--- Extracted entries ---
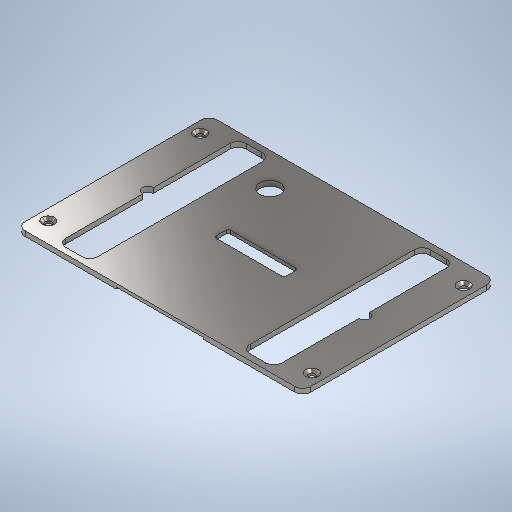
# Autodesk Inventor part: spacer
Saved by Autodesk Inventor 2025 (Build 290162000, 162)
## iProperties
Created: 2021-07-16
Part Number: spacer
Material: Stainless Steel
Document SubType Name: Modeling
Designer: Caleb
Density: 8 g/cm^3
Appearance: Semi-Polished
Author: Caleb
Autodesk Inventor part; units mm, degrees
ref_plane "YZ Plane" through (0, 0, 0) normal (1, 0, 0) x (0, 1, 0)
ref_plane "XZ Plane" through (0, 0, 0) normal (0, 1, 0) x (-1, 0, 0)
ref_plane "XY Plane" through (0, 0, 0) normal (0, 0, 1) x (1, 0, 0)
sketch "Sketch1" plane through (0, 0, 0) normal (0, 1, 0) x (-1, 0, 0)
  line L0 (-35.75, 24.05) -> (35.75, 24.05)
  line L1 (35.75, 24.05) -> (35.75, -24.05)
  line L2 (35.75, -24.05) -> (-35.75, -24.05)
  line L3 (-35.75, -24.05) -> (-35.75, 24.05)
  line L4 (-35.75, 24.05) -> (35.75, -24.05) construction
  line L5 (35.75, 24.05) -> (-35.75, -24.05) construction
  point P0 (0, 0)
  dimension "d0" = 48.1
  dimension "d1" = 71.5
  constraints: 12 end point, 8 point on line, 2 midpoint, 2 parallel, 1 horizontal, 1 perpendicular
  measures "d0" distance of L5.start L4.end
  measures "d1" distance of L4.end L5.end
extrude "Extrusion1" add sketch "Sketch1" along normal blind 1.23
sketch "Sketch2" plane through (0, 1.23, 0) normal (0, 1, 0) x (1, 0, 0)
  point P0 (0, 0)
  point P1 (-33, 19)
  point P2 (33, 19)
  point P3 (-33, -19)
  point P4 (33, -19)
  dimension "d77" = 38
  dimension "d78" = 19
  dimension "d79" = 33
  dimension "d115" = 33
  constraints: 2 horizontal alignment, 2 vertical alignment
  measures "d77" distance of point (-33, -19) point (-33, 19)
  measures "d78" vertical distance of point (-33, 19) point (0, 0)
  measures "d79" horizontal distance of point (-33, 19) point (0, 0)
  measures "d115" horizontal distance of point (0, 0) point (33, 19)
hole "Hole1" at (-33, 1.23, -19) at (33, 1.23, -19) at (-33, 1.23, 19) at (33, 1.23, 19) direction (0, -1, 0) diameter 1.778 end through all countersink diameter 3.023 countersink angle 82 clearance for "Flat Head Machine Screw (82)" size "#0" standard "Ansi Unified Screw Threads"
fillet "Fillet3" radius 2 4 edges at (35.75, 0.615, 24.05) (35.75, 0.615, -24.05) (-35.75, 0.615, -24.05) (-35.75, 0.615, 24.05)
sketch "Sketch10" plane through (0, 1.23, 0) normal (0, 1, 0) x (1, 0, 0)
  line L0 (-27.55, -21) -> (-29.05, -21)
  line L1 (-29.05, -21) -> (-29.05, 21)
  line L2 (-29.05, 21) -> (-27.55, 21)
  line L3 (-27.55, 21) -> (-27.55, -21)
  line L4 (-27.55, -21) -> (-29.05, 21) construction
  line L5 (-29.05, -21) -> (-27.55, 21) construction
  line L6 (0, 13.6561) -> (0, -11.4856)
  line L7 (27.55, -21) -> (29.05, -21)
  line L8 (29.05, -21) -> (29.05, 21)
  line L9 (29.05, 21) -> (27.55, 21)
  line L10 (27.55, 21) -> (27.55, -21)
  line L11 (27.55, -21) -> (29.05, 21) construction
  line L12 (29.05, -21) -> (27.55, 21) construction
  point P0 (0, 0)
  point P1 (-28.3, 0)
  point P2 (-27.55, 0)
  point P3 (28.3, 0)
  point P4 (27.55, 0)
  dimension "d124" = 1.5
  dimension "d125" = 42
  dimension "d126" = 27.55
  constraints: 26 end point, 6 symmetric about line, 3 midpoint, 2 parallel, 1 horizontal, 1 horizontal alignment, 1 perpendicular, 1 point on line, 1 vertical
  measures "d124" distance of L1.end L2.end
  measures "d125" distance of L0.end L1.end
  measures "d126" distance of point (0, 0) point (-27.55, 0)
extrude "Extrusion7" [suppressed]
sketch "Sketch11" plane through (0, 0, 0) normal (0, -1, 0) x (1, 0, 0)
  line L0 (-33.75, 24.05) -> (33.75, 24.05) projected
  line L1 (-11, 24.05) -> (11, 24.05)
  line L2 (11, 24.05) -> (11, -3.95)
  line L3 (9, -5.95) -> (-9, -5.95)
  line L4 (-11, -3.95) -> (-11, 24.05)
  arc A0 (9, -5.95) -> (11, -3.95) centre (9, -3.95) ccw
  arc A1 (-11, -3.95) -> (-9, -5.95) centre (-9, -3.95) ccw
  point P0 (0, 0)
  point P1 (11, -5.95)
  point P2 (-11, -5.95)
  dimension "d129" = 22
  dimension "d130" = 30
  dimension "d131" = 11
  dimension "d132" = 2
  constraints: 8 end point, 5 point on line, 4 point on circle, 4 tangent, 2 centre point, 2 parallel, 1 equal radius, 1 horizontal, 1 perpendicular
  measures "d129" distance of point (11, -5.95) point (-11, -5.95)
  measures "d130" distance of L1.end point (11, -5.95)
  measures "d131" distance from line of L2 point (0, 0)
  measures "d132" radius of A0
extrude "Extrusion8" cut sketch "Sketch11" against normal blind 0.43
sketch "Sketch12" plane through (0, 1.23, 0) normal (0, 1, 0) x (1, 0, 0)
  line L0 (8.25, 1.75) -> (-8.25, 1.75)
  line L1 (-8.75, 1.25) -> (-8.75, -1.25)
  line L2 (-8.25, -1.75) -> (8.25, -1.75)
  line L3 (8.75, -1.25) -> (8.75, 1.25)
  line L4 (8.75, 1.75) -> (-8.75, -1.75) construction
  line L5 (-8.75, 1.75) -> (8.75, -1.75) construction
  arc A0 (-8.75, -1.25) -> (-8.25, -1.75) centre (-8.25, -1.25) ccw
  arc A1 (-8.25, 1.75) -> (-8.75, 1.25) centre (-8.25, 1.25) ccw
  arc A2 (8.25, -1.75) -> (8.75, -1.25) centre (8.25, -1.25) ccw
  arc A3 (8.75, 1.25) -> (8.25, 1.75) centre (8.25, 1.25) ccw
  point P0 (0, 0)
  dimension "d135" = 17.5
  dimension "d136" = 3.5
  dimension "d137" = 0.5
  constraints: 12 end point, 8 point on circle, 8 point on line, 8 tangent, 4 centre point, 3 equal radius, 2 midpoint, 2 parallel, 1 horizontal, 1 perpendicular
  measures "d135" distance of L5.end L4.end
  measures "d136" distance of L5.start L4.end
  measures "d137" radius of A0
extrude "Extrusion9" cut sketch "Sketch12" against normal through all
sketch "Sketch13" plane through (0, 1.23, 0) normal (0, 1, 0) x (1, 0, 0)
  circle A0 centre (-12.25, 15.75) radius 2.5
  point P0 (0, 0)
  dimension "d161" = 15.75
  dimension "d162" = 12.25
  dimension "d163" = 5
  constraints: 1 centre point
  measures "d161" vertical distance of A0.centre point (0, 0)
  measures "d162" horizontal distance of A0.centre point (0, 0)
  measures "d163" diameter of A0
extrude "Extrusion10" cut sketch "Sketch13" against normal through all
sketch "Sketch15" plane through (0, 1.23, 0) normal (0, 1, 0) x (1, 0, 0)
  line L0 (-21.05, -22.55) -> (-25.05, -22.55)
  line L1 (-27.05, -20.55) -> (-27.05, 20.55)
  line L2 (-25.05, 22.55) -> (-21.05, 22.55)
  line L3 (-19.05, 20.55) -> (-19.05, -20.55)
  line L4 (-19.05, -22.55) -> (-27.05, 22.55) construction
  line L5 (-27.05, -22.55) -> (-19.05, 22.55) construction
  arc A0 (-25.05, 22.55) -> (-27.05, 20.55) centre (-25.05, 20.55) ccw
  arc A1 (-27.05, -20.55) -> (-25.05, -22.55) centre (-25.05, -20.55) ccw
  arc A2 (-21.05, -22.55) -> (-19.05, -20.55) centre (-21.05, -20.55) ccw
  arc A3 (-19.05, 20.55) -> (-21.05, 22.55) centre (-21.05, 20.55) ccw
  circle A4 centre (-27.15, 0) radius 1.3
  line L6 (0, 25.2712) -> (0, -27.2079)
  line L7 (21.05, -22.55) -> (25.05, -22.55)
  line L8 (27.05, -20.55) -> (27.05, 20.55)
  line L9 (25.05, 22.55) -> (21.05, 22.55)
  line L10 (19.05, 20.55) -> (19.05, -20.55)
  line L11 (19.05, -22.55) -> (27.05, 22.55) construction
  line L12 (27.05, -22.55) -> (19.05, 22.55) construction
  arc A5 (27.05, 20.55) -> (25.05, 22.55) centre (25.05, 20.55) ccw
  arc A6 (25.05, -22.55) -> (27.05, -20.55) centre (25.05, -20.55) ccw
  arc A7 (19.05, -20.55) -> (21.05, -22.55) centre (21.05, -20.55) ccw
  arc A8 (21.05, 22.55) -> (19.05, 20.55) centre (21.05, 20.55) ccw
  circle A9 centre (27.15, 0) radius 1.3
  point P0 (0, 0)
  point P1 (-23.05, 0)
  point P2 (-27.05, 1.2961)
  point P3 (-27.05, -1.2961)
  point P4 (23.05, 0)
  point P5 (27.05, -1.2961)
  point P6 (27.05, 1.2961)
  dimension "d164" = 45.1
  dimension "d165" = 27.05
  dimension "d166" = 2
  dimension "d167" = 8
  dimension "d170" = 27.15
  dimension "d171" = 2.6
  constraints: 26 end point, 18 symmetric about line, 16 point on circle, 16 point on line, 10 centre point, 8 tangent, 3 equal radius, 2 horizontal alignment, 2 midpoint, 2 parallel, 1 horizontal, 1 perpendicular, 1 vertical, 5 other
  measures "d164" distance of L5.end L4.start
  measures "d165" distance from line of L1 point (0, 0)
  measures "d166" radius of A0
  measures "d167" distance between parallel lines of L1 L3
  measures "d170" distance of A4.centre point (0, 0)
  measures "d171" diameter of A4
extrude "Extrusion11" cut sketch "Sketch15" against normal through all
equation "\"d78\" = 0.5 * d77"
equation "\"d115\" = d79"
equation "\"d131\" = 0.5 * d129"
body "Solid1"
---
**Exercise:**
Begin at the line that has "line L0 (8.25, 1.75) -> (-8.25, 1.75)" in the entries above; stop after the line that has "arc A1 (-8.25, 1.75)". Transcribe exactly those lines and no others.

**Response below:**
  line L0 (8.25, 1.75) -> (-8.25, 1.75)
  line L1 (-8.75, 1.25) -> (-8.75, -1.25)
  line L2 (-8.25, -1.75) -> (8.25, -1.75)
  line L3 (8.75, -1.25) -> (8.75, 1.25)
  line L4 (8.75, 1.75) -> (-8.75, -1.75) construction
  line L5 (-8.75, 1.75) -> (8.75, -1.75) construction
  arc A0 (-8.75, -1.25) -> (-8.25, -1.75) centre (-8.25, -1.25) ccw
  arc A1 (-8.25, 1.75) -> (-8.75, 1.25) centre (-8.25, 1.25) ccw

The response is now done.